It’s quite often at clients that I spend time working on issues revolving around parallelism. In fact, just this week it’s been the single most irritating performance problem that I’ve had to deal with.
If you aren’t up to snuff on parallelism there are a couple places I would start with getting up to speed:
- Case Study: Part 1: CXPACKET Wait Stats & ‘max degree of parallelism’ Option: Introduction to Using Wait Stats to Identify & Remediate Query Parallelism Bottlenecks
- Case Study: Part 2: CXPACKET Wait Stats & ‘max degree of parallelism’ Option: Suppressing Query Parallelism Eliminated CXPACKET Waits & Liberated 30% of CPU
Both articles are from Jimmy May (@aspiringgeek), who writes some great articles on SQL Server performance and scalability.
Two days ago, I was working on trying to determine which queries were causing the most trouble when it came to parallelism. That was when I modified the current queries executing with parallelism query to make it more useful. And a few days before I posted some queries that I also use to determine plans that may utilize parallelism.
While working on these parallelism issues, I started wondering if identifying query plans utilizing parallelism by CPU was the correct approach. Just because an execution plan has high CPU doesn’t necessarily mean that it is the biggest contributor or source of parallelism on the server.

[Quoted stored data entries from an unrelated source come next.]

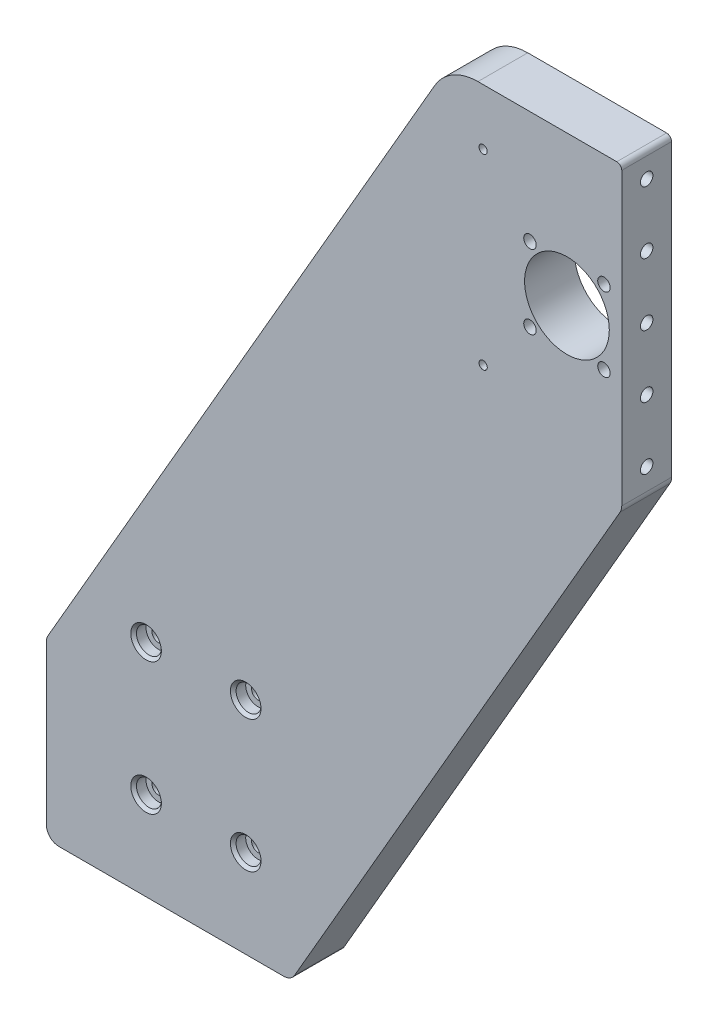
from build123d import *

# Parameters (mm, degrees)
SCHIZZO1_R                    = 17
SCHIZZO1_R_2                  = 2.5
ESTRUSIONE_ESTRUSIONE2_DEPTH  = 20
M5_TAPPED_HOLE1_D             = 4.2
M5_TAPPED_HOLE1_DEPTH         = 17.4
M5_TAPPED_HOLE1_TIP           = 1.2618073
CBORE_FOR_M5_SHCS1_AT_2_COUNT = 2
CBORE_FOR_M5_SHCS1_AT_2_PITCH = 53
CBORE_FOR_M5_SHCS1_AT_3_COUNT = 2
CBORE_FOR_M5_SHCS1_AT_3_PITCH = 66.400301204
CBORE_FOR_M5_SHCS1_AT_4_COUNT = 2
CBORE_FOR_M5_SHCS1_AT_4_PITCH = 40
M6_TAPPED_HOLE1_D             = 5
M6_TAPPED_HOLE1_DEPTH         = 19
M6_TAPPED_HOLE1_TIP           = 1.502151548
M4_TAPPED_HOLE1_D             = 3.3


with BuildPart() as part:
    # Schizzo1 → Estrusione-Estrusione2 (new body)
    with BuildSketch(Plane.XY):
        with BuildLine():
            Line((5, 0), (95.262794416, 0))
            ThreePointArc((95.262794416, 0), (97.762794416, 0.669872981), (99.592921435, 2.5))
            Line((99.592921435, 2.5), (230.270234695, 228.839745962))
            ThreePointArc((230.270234695, 228.839745962), (230.769736807, 230.045650737), (230.940107676, 231.339745962))
            Line((230.940107676, 231.339745962), (230.940107676, 348))
            ThreePointArc((230.940107676, 348), (230.354321238, 349.414213562), (228.940107676, 350))
            Line((228.940107676, 350), (173.205080757, 350))
            ThreePointArc((173.205080757, 350), (163.205080757, 347.320508076), (155.884572681, 340))
            Line((155.884572681, 340), (0.669872981, 71.160254038))
            ThreePointArc((0.669872981, 71.160254038), (0.170370869, 69.954349263), (0, 68.660254038))
            Line((0, 68.660254038), (0, 5))
            ThreePointArc((0, 5), (1.464466094, 1.464466094), (5, 0))
        make_face()
        with Locations((208.940107676, 290)):
            Circle(SCHIZZO1_R, mode=Mode.SUBTRACT)
        with Locations((223.789350081, 304.849242405)):
            Circle(SCHIZZO1_R_2, mode=Mode.SUBTRACT)
        with Locations((223.789350081, 275.150757595)):
            Circle(SCHIZZO1_R_2, mode=Mode.SUBTRACT)
        with Locations((194.090865271, 275.150757595)):
            Circle(SCHIZZO1_R_2, mode=Mode.SUBTRACT)
        with Locations((194.090865271, 304.849242405)):
            Circle(SCHIZZO1_R_2, mode=Mode.SUBTRACT)
    extrude(amount=-ESTRUSIONE_ESTRUSIONE2_DEPTH)

    # M5 Tapped Hole1
    with Locations(Plane(origin=(50.131397208, 0, -10), x_dir=(0, 0, -1), z_dir=(0, -1, 0))):
        with Locations((0, 0), (0, 35), (0, -35)):
            Hole(M5_TAPPED_HOLE1_D / 2, depth=M5_TAPPED_HOLE1_DEPTH)
            with Locations((0, 0, -(M5_TAPPED_HOLE1_DEPTH + M5_TAPPED_HOLE1_TIP / 2))):  # 118° drill point
                Cone(0, M5_TAPPED_HOLE1_D / 2, M5_TAPPED_HOLE1_TIP, mode=Mode.SUBTRACT)

    # Sketch5 → CBORE for M5 SHCS1 (revolve, cut)
    with BuildSketch(Plane(origin=(80, 88.5, 0), x_dir=(0, -1, 0), z_dir=(1, 0, 0))):
        Polygon((0, 0), (0, 20), (2.65, 20), (2.65, 5), (5, 5), (5, 1.145), (6.145, 0), align=None)
    cbore_for_m5_shcs1 = revolve(axis=Axis((80, 88.5, 6.35), (0, 0, -1)), mode=Mode.SUBTRACT)

    # CBORE for M5 SHCS1 at 2: CBORE for M5 SHCS1 ×2
    with Locations(*[(0, -i * CBORE_FOR_M5_SHCS1_AT_2_PITCH, 0) for i in range(1, CBORE_FOR_M5_SHCS1_AT_2_COUNT)]):
        add(cbore_for_m5_shcs1, mode=Mode.SUBTRACT)

    # CBORE for M5 SHCS1 at 3: CBORE for M5 SHCS1 ×2
    with Locations(*[Vector(-0.6024069059118463, -0.7981891503332503, 0) * (i * CBORE_FOR_M5_SHCS1_AT_3_PITCH) for i in range(1, CBORE_FOR_M5_SHCS1_AT_3_COUNT)]):
        add(cbore_for_m5_shcs1, mode=Mode.SUBTRACT)

    # CBORE for M5 SHCS1 at 4: CBORE for M5 SHCS1 ×2
    with Locations(*[(-i * CBORE_FOR_M5_SHCS1_AT_4_PITCH, 0, 0) for i in range(1, CBORE_FOR_M5_SHCS1_AT_4_COUNT)]):
        add(cbore_for_m5_shcs1, mode=Mode.SUBTRACT)

    # M6 Tapped Hole1
    with Locations(Plane(origin=(230.940107676, 340, -10), x_dir=(0, 0, 1), z_dir=(1, 0, 0))):
        with Locations((0, 0), (0, 25), (0, 50), (0, 75), (0, 100)):
            Hole(M6_TAPPED_HOLE1_D / 2, depth=M6_TAPPED_HOLE1_DEPTH)
            with Locations((0, 0, -(M6_TAPPED_HOLE1_DEPTH + M6_TAPPED_HOLE1_TIP / 2))):  # 118° drill point
                Cone(0, M6_TAPPED_HOLE1_D / 2, M6_TAPPED_HOLE1_TIP, mode=Mode.SUBTRACT)

    # M4 Tapped Hole1 (through all)
    with Locations(Plane(origin=(175.288579616, 327.50684833, 0), x_dir=(1, 0, 0), z_dir=(0, 0, 1))):
        with Locations((0, 0), (0.024506359, -75.035669595)):
            Hole(M4_TAPPED_HOLE1_D / 2)


solid = part.part

Instead, I started looking at execution counts of the plans. The query that I’ll be listing below provided a stark indication of the highest contributor to parallelism in the issues I was working on by identify a single query plan that was utilizing parallelism and had been executed nearly a 100 thousand times since I’d cleared the procedure cache that morning.
SELECT TOP 50 CASE WHEN p.dbid = 32767 THEN '{RESOURCE}' ELSE DB_NAME(p.dbid) END as database_name ,OBJECT_NAME(p.objectid, p.dbid) as [object_name] ,qs.execution_count ,qs.total_worker_time ,qs.total_logical_reads ,CONVERT(decimal(12,3),qs.total_elapsed_time/1000000./qs.execution_count) as avg_elapsed_time_sec ,CASE statement_end_offset WHEN -1 THEN q.text ELSE SUBSTRING(q.text, statement_start_offset/2, (statement_end_offset-statement_start_offset)/2) END as sql_statement ,p.query_plan ,q.text ,cp.plan_handle FROM sys.dm_exec_query_stats qs INNER JOIN sys.dm_exec_cached_plans cp ON qs.plan_handle = cp.plan_handle CROSS APPLY sys.dm_exec_query_plan(cp.plan_handle) p CROSS APPLY sys.dm_exec_sql_text(cp.plan_handle) as q WHERE cp.cacheobjtype = 'Compiled Plan' AND p.query_plan.value('declare namespace p="http://schemas.microsoft.com/sqlserver/2004/07/showplan";max(//p:RelOp/@Parallel)', 'float') > 0 ORDER BY qs.execution_count DESC
Now that I’ve shared this, what do you the reader use to identify queries that are utilizing parallelism in your environments?